• _EXERCISE REQUIREMENTS_: Find the lines of data that contain the string "DASH", then list them.

Dataset items
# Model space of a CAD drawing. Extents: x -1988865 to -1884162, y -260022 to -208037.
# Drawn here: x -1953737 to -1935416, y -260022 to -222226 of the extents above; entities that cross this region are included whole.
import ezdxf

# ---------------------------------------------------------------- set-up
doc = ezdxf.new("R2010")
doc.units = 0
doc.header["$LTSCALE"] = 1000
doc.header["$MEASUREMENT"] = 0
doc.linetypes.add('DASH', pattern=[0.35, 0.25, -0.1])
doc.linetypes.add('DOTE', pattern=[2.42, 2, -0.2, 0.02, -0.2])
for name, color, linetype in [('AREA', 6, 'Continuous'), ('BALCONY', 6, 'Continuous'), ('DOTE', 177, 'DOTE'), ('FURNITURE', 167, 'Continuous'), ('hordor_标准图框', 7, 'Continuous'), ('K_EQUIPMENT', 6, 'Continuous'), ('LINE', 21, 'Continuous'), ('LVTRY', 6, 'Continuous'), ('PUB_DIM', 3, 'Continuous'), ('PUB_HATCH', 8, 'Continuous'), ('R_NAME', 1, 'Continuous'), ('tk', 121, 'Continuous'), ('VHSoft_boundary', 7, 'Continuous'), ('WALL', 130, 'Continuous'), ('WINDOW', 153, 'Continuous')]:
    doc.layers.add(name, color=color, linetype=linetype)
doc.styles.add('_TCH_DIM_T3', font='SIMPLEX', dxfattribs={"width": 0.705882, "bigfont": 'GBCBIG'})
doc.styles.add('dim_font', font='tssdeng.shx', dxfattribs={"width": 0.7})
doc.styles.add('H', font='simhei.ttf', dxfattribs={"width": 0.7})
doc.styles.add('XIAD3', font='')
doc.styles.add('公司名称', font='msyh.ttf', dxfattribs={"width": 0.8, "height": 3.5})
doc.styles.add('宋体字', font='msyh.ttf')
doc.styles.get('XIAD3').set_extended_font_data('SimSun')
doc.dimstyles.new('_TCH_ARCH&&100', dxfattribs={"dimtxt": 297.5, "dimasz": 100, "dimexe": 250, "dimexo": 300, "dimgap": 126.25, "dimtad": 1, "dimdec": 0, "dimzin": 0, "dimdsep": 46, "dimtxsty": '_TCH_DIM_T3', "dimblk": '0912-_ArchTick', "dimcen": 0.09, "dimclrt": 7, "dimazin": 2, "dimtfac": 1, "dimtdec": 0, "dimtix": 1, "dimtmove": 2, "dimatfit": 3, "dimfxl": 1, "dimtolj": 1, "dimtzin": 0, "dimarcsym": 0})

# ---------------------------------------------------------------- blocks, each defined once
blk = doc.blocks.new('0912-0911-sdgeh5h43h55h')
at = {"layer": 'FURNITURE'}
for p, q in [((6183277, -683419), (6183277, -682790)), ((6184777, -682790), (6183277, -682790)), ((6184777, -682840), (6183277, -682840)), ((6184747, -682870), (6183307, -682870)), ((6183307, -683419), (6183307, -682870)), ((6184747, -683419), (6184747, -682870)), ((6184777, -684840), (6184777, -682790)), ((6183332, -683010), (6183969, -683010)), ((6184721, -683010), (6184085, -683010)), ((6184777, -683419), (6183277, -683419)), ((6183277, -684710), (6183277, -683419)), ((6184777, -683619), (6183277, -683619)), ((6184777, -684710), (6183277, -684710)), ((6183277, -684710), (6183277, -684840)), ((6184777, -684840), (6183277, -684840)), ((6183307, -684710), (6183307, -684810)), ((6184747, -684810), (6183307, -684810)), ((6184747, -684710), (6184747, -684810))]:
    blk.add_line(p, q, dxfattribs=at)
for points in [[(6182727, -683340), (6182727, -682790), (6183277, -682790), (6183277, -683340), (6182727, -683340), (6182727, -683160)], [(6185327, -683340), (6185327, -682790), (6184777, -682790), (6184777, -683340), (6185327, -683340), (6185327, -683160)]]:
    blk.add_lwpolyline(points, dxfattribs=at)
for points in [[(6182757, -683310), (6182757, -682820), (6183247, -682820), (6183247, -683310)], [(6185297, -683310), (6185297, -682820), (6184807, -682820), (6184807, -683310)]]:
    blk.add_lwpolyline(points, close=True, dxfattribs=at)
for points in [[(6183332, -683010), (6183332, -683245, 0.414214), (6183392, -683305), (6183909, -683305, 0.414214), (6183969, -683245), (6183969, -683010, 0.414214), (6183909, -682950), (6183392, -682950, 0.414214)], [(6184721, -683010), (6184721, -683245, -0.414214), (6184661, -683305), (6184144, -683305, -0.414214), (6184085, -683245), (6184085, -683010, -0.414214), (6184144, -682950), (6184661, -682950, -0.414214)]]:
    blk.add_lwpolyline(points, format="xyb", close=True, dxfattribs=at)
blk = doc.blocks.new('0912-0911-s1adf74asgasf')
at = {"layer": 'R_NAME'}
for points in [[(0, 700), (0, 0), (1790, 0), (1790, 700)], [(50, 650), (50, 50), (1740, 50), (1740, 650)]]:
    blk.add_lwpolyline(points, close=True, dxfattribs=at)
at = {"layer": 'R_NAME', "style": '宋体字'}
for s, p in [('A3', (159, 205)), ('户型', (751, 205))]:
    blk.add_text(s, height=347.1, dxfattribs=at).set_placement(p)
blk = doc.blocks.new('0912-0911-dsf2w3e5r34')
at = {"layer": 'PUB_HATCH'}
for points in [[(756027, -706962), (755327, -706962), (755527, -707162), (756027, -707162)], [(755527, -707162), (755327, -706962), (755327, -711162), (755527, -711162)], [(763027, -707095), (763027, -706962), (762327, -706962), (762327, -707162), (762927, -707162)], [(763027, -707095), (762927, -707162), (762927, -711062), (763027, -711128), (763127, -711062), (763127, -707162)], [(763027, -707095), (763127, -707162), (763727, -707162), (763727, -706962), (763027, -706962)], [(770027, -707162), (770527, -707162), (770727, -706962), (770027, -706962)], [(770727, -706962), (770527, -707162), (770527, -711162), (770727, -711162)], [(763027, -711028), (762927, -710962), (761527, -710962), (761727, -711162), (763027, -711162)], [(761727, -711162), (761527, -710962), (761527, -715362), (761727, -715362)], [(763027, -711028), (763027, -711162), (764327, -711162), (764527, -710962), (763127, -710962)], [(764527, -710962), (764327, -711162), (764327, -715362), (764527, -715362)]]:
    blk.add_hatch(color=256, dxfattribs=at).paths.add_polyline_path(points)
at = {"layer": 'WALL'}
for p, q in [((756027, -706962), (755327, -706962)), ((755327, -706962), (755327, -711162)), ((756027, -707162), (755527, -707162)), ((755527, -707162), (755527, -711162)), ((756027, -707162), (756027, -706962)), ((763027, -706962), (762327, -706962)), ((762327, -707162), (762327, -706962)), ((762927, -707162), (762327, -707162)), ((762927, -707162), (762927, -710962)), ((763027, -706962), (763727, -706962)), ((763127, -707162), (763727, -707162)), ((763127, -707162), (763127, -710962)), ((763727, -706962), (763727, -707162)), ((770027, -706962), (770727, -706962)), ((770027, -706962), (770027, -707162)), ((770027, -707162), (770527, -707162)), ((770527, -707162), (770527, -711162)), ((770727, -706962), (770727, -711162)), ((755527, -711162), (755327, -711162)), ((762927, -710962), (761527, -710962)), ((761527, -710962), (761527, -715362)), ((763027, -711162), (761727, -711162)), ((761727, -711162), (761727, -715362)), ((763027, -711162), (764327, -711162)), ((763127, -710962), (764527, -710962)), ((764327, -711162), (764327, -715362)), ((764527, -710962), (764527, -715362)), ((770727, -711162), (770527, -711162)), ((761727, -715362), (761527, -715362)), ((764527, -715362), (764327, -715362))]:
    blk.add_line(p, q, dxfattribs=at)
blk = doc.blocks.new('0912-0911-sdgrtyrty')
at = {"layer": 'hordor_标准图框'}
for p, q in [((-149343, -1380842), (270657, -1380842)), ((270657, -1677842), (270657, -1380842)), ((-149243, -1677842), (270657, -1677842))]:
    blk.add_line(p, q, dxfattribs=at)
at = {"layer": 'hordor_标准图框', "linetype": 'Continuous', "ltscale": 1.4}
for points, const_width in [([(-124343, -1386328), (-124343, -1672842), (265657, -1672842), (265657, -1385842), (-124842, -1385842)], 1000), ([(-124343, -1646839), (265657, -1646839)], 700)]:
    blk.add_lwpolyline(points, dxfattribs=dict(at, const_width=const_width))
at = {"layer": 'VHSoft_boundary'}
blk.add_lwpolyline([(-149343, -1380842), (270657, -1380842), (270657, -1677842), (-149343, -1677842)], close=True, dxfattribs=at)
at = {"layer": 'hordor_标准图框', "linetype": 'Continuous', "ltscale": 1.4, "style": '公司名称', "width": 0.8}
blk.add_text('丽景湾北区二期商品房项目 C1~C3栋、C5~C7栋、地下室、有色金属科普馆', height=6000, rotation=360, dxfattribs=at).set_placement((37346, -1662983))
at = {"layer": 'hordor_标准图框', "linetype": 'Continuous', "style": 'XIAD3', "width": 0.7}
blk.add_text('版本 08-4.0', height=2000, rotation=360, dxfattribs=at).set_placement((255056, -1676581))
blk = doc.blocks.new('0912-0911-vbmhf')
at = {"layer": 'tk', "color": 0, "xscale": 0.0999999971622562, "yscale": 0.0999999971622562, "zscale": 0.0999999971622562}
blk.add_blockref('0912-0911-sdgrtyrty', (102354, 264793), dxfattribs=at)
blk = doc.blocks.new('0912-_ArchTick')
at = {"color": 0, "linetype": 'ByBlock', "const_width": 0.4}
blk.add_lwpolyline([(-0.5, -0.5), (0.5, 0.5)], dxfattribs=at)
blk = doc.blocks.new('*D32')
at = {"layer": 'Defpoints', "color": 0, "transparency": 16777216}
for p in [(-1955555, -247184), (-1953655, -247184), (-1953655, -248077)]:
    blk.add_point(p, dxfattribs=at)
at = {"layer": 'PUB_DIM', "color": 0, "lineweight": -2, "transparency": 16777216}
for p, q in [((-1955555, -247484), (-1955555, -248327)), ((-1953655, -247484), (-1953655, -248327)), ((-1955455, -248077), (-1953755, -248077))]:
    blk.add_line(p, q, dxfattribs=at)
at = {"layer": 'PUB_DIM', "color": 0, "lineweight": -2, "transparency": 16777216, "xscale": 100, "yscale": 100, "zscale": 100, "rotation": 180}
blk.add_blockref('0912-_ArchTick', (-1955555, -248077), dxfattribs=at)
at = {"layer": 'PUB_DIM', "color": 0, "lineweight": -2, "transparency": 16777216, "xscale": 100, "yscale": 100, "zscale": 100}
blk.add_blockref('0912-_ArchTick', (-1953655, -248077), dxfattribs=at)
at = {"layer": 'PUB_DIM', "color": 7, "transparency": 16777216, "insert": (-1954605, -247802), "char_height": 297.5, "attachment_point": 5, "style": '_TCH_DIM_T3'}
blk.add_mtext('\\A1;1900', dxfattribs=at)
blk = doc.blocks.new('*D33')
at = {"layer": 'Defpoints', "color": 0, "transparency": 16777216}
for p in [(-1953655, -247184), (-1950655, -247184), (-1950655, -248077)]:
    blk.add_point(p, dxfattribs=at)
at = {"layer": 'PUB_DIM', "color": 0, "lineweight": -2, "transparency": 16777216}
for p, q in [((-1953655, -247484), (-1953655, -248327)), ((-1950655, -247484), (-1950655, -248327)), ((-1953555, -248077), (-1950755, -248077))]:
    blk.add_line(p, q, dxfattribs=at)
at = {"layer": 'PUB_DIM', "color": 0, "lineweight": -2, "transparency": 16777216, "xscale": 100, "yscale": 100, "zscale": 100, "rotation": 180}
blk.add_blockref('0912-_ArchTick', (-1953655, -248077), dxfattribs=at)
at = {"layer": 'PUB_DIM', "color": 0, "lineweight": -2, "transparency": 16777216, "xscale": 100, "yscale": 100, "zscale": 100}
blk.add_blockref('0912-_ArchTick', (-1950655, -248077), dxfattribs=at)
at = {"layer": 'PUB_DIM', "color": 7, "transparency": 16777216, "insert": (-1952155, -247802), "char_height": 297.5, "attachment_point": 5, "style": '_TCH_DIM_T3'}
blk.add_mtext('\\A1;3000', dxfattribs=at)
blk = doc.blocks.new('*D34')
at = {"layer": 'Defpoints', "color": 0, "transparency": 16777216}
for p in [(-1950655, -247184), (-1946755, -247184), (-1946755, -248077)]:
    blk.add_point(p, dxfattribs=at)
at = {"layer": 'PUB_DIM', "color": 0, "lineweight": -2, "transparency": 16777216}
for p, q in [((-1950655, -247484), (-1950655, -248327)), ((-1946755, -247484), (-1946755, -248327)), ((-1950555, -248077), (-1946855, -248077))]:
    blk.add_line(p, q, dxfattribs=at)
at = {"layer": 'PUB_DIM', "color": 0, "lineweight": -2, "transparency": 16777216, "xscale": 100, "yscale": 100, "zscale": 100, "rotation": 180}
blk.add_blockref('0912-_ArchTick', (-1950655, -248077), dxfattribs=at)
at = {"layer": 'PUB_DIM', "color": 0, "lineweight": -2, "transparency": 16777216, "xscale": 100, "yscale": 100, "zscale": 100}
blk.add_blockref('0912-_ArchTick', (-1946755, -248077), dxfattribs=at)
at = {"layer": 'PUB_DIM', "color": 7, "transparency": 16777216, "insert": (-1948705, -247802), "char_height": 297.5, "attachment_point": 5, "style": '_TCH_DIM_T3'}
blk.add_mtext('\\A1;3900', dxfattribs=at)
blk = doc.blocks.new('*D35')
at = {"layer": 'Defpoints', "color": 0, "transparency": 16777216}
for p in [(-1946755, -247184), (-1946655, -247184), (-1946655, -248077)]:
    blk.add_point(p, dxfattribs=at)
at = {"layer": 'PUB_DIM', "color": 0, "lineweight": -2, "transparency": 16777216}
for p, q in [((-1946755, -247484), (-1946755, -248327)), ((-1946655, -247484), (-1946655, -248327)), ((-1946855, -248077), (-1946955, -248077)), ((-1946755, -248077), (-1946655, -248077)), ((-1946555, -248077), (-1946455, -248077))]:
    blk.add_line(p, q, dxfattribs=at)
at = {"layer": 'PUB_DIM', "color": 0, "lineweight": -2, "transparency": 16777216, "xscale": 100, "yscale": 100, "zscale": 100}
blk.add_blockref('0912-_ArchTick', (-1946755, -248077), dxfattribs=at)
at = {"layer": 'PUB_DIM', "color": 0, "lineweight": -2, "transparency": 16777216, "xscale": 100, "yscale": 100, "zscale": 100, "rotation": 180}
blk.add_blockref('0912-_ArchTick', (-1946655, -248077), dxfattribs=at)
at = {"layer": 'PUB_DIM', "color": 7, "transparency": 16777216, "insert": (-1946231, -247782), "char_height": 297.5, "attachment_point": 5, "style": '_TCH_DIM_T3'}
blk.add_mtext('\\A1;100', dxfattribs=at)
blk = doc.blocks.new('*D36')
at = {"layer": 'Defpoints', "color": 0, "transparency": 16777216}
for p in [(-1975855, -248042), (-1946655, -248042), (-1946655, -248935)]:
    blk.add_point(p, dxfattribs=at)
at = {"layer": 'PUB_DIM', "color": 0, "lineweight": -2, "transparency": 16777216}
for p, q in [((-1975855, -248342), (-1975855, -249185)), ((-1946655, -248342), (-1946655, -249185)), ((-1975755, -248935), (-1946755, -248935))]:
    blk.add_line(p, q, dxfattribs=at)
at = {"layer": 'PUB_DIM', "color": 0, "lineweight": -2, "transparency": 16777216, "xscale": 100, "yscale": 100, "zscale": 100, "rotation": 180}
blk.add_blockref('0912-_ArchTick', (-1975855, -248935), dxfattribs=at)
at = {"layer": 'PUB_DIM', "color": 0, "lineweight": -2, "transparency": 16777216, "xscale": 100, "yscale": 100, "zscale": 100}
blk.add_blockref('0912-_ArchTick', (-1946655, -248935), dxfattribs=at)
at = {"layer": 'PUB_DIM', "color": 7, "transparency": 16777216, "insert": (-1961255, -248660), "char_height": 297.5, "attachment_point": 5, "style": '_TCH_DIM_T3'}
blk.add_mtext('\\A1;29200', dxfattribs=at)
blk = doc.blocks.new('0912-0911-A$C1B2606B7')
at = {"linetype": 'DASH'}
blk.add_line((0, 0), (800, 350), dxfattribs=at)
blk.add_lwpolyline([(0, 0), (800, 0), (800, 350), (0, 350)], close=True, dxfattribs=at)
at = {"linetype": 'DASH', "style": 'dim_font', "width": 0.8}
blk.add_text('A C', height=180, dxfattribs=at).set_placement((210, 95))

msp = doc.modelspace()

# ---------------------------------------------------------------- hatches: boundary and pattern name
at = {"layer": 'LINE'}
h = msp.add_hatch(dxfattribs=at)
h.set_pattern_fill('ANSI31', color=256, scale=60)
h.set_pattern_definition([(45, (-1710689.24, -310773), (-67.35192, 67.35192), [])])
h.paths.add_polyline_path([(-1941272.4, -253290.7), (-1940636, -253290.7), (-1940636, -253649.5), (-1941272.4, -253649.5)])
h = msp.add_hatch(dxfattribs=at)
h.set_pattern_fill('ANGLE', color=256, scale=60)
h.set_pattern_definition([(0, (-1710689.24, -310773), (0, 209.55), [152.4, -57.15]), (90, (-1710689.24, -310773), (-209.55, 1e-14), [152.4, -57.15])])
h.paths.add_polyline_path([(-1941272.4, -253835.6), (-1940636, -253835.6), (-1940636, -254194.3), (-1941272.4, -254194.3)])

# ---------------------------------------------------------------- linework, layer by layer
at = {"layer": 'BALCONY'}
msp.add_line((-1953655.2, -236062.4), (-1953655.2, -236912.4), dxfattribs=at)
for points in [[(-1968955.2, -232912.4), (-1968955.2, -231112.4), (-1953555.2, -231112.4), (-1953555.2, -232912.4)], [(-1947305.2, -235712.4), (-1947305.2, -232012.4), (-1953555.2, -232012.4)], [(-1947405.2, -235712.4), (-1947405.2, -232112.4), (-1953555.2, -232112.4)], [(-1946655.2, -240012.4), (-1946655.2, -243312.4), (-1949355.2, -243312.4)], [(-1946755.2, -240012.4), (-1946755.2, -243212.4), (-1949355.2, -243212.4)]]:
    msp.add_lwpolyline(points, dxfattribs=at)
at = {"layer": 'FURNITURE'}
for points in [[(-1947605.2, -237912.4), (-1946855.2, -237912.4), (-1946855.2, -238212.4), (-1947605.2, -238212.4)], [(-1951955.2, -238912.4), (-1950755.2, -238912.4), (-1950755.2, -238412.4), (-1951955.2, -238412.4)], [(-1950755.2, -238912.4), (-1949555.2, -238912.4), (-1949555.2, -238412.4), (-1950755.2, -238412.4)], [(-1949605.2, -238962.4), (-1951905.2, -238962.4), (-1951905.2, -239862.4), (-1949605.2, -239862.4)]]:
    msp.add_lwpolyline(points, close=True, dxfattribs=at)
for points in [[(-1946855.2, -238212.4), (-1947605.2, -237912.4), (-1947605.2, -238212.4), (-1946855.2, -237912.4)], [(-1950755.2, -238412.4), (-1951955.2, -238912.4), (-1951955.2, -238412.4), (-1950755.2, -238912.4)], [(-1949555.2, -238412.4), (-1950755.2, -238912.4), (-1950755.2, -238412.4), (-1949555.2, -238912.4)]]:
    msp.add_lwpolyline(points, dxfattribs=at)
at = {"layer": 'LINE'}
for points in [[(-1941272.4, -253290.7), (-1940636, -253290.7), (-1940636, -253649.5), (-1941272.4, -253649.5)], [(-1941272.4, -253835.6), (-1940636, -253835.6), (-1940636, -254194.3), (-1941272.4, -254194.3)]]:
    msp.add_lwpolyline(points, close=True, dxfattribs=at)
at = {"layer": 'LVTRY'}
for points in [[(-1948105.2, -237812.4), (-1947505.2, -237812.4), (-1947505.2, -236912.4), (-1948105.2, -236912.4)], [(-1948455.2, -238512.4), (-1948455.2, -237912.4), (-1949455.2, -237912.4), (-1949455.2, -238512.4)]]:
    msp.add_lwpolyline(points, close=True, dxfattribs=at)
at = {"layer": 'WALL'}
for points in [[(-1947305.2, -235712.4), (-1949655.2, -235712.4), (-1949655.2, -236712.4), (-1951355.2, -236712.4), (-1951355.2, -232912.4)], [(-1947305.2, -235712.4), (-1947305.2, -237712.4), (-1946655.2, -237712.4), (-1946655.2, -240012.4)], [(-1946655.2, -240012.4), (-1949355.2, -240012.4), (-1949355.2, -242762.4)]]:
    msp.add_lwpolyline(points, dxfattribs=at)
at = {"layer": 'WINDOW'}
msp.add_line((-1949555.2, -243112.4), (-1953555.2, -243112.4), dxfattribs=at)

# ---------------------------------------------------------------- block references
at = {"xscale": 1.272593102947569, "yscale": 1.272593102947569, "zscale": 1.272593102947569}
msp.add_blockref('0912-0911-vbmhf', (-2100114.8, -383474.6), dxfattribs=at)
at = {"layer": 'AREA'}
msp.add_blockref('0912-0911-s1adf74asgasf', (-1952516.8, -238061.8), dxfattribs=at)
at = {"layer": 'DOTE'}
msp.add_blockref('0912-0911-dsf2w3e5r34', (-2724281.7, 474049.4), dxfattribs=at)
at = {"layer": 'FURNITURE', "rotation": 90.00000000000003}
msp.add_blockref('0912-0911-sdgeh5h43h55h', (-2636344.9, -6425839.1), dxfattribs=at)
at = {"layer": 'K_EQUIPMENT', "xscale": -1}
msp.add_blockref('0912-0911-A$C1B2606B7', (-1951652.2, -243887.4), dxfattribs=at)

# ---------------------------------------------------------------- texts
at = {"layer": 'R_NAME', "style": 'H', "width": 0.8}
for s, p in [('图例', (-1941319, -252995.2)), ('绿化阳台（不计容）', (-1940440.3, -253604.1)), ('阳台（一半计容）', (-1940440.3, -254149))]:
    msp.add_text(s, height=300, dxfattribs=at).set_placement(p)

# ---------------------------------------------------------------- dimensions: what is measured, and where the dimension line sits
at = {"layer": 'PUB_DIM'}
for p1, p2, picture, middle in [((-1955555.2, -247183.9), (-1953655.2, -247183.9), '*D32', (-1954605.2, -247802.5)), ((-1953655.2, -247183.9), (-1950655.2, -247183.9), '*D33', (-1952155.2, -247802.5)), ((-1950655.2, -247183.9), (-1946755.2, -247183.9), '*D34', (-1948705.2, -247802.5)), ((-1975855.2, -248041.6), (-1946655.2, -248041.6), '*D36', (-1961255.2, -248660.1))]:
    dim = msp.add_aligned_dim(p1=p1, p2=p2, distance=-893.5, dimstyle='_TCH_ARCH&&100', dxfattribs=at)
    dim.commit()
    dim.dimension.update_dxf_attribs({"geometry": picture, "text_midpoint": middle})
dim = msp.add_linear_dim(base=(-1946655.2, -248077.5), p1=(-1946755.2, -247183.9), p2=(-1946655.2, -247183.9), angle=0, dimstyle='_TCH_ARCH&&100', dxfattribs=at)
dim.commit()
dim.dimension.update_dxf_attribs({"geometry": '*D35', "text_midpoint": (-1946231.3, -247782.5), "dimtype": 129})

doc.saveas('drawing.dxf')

• _SOLUTION TO THIS PROBLEM_:
doc.linetypes.add('DASH', pattern=[0.35, 0.25, -0.1])
at = {"linetype": 'DASH'}
at = {"linetype": 'DASH', "style": 'dim_font', "width": 0.8}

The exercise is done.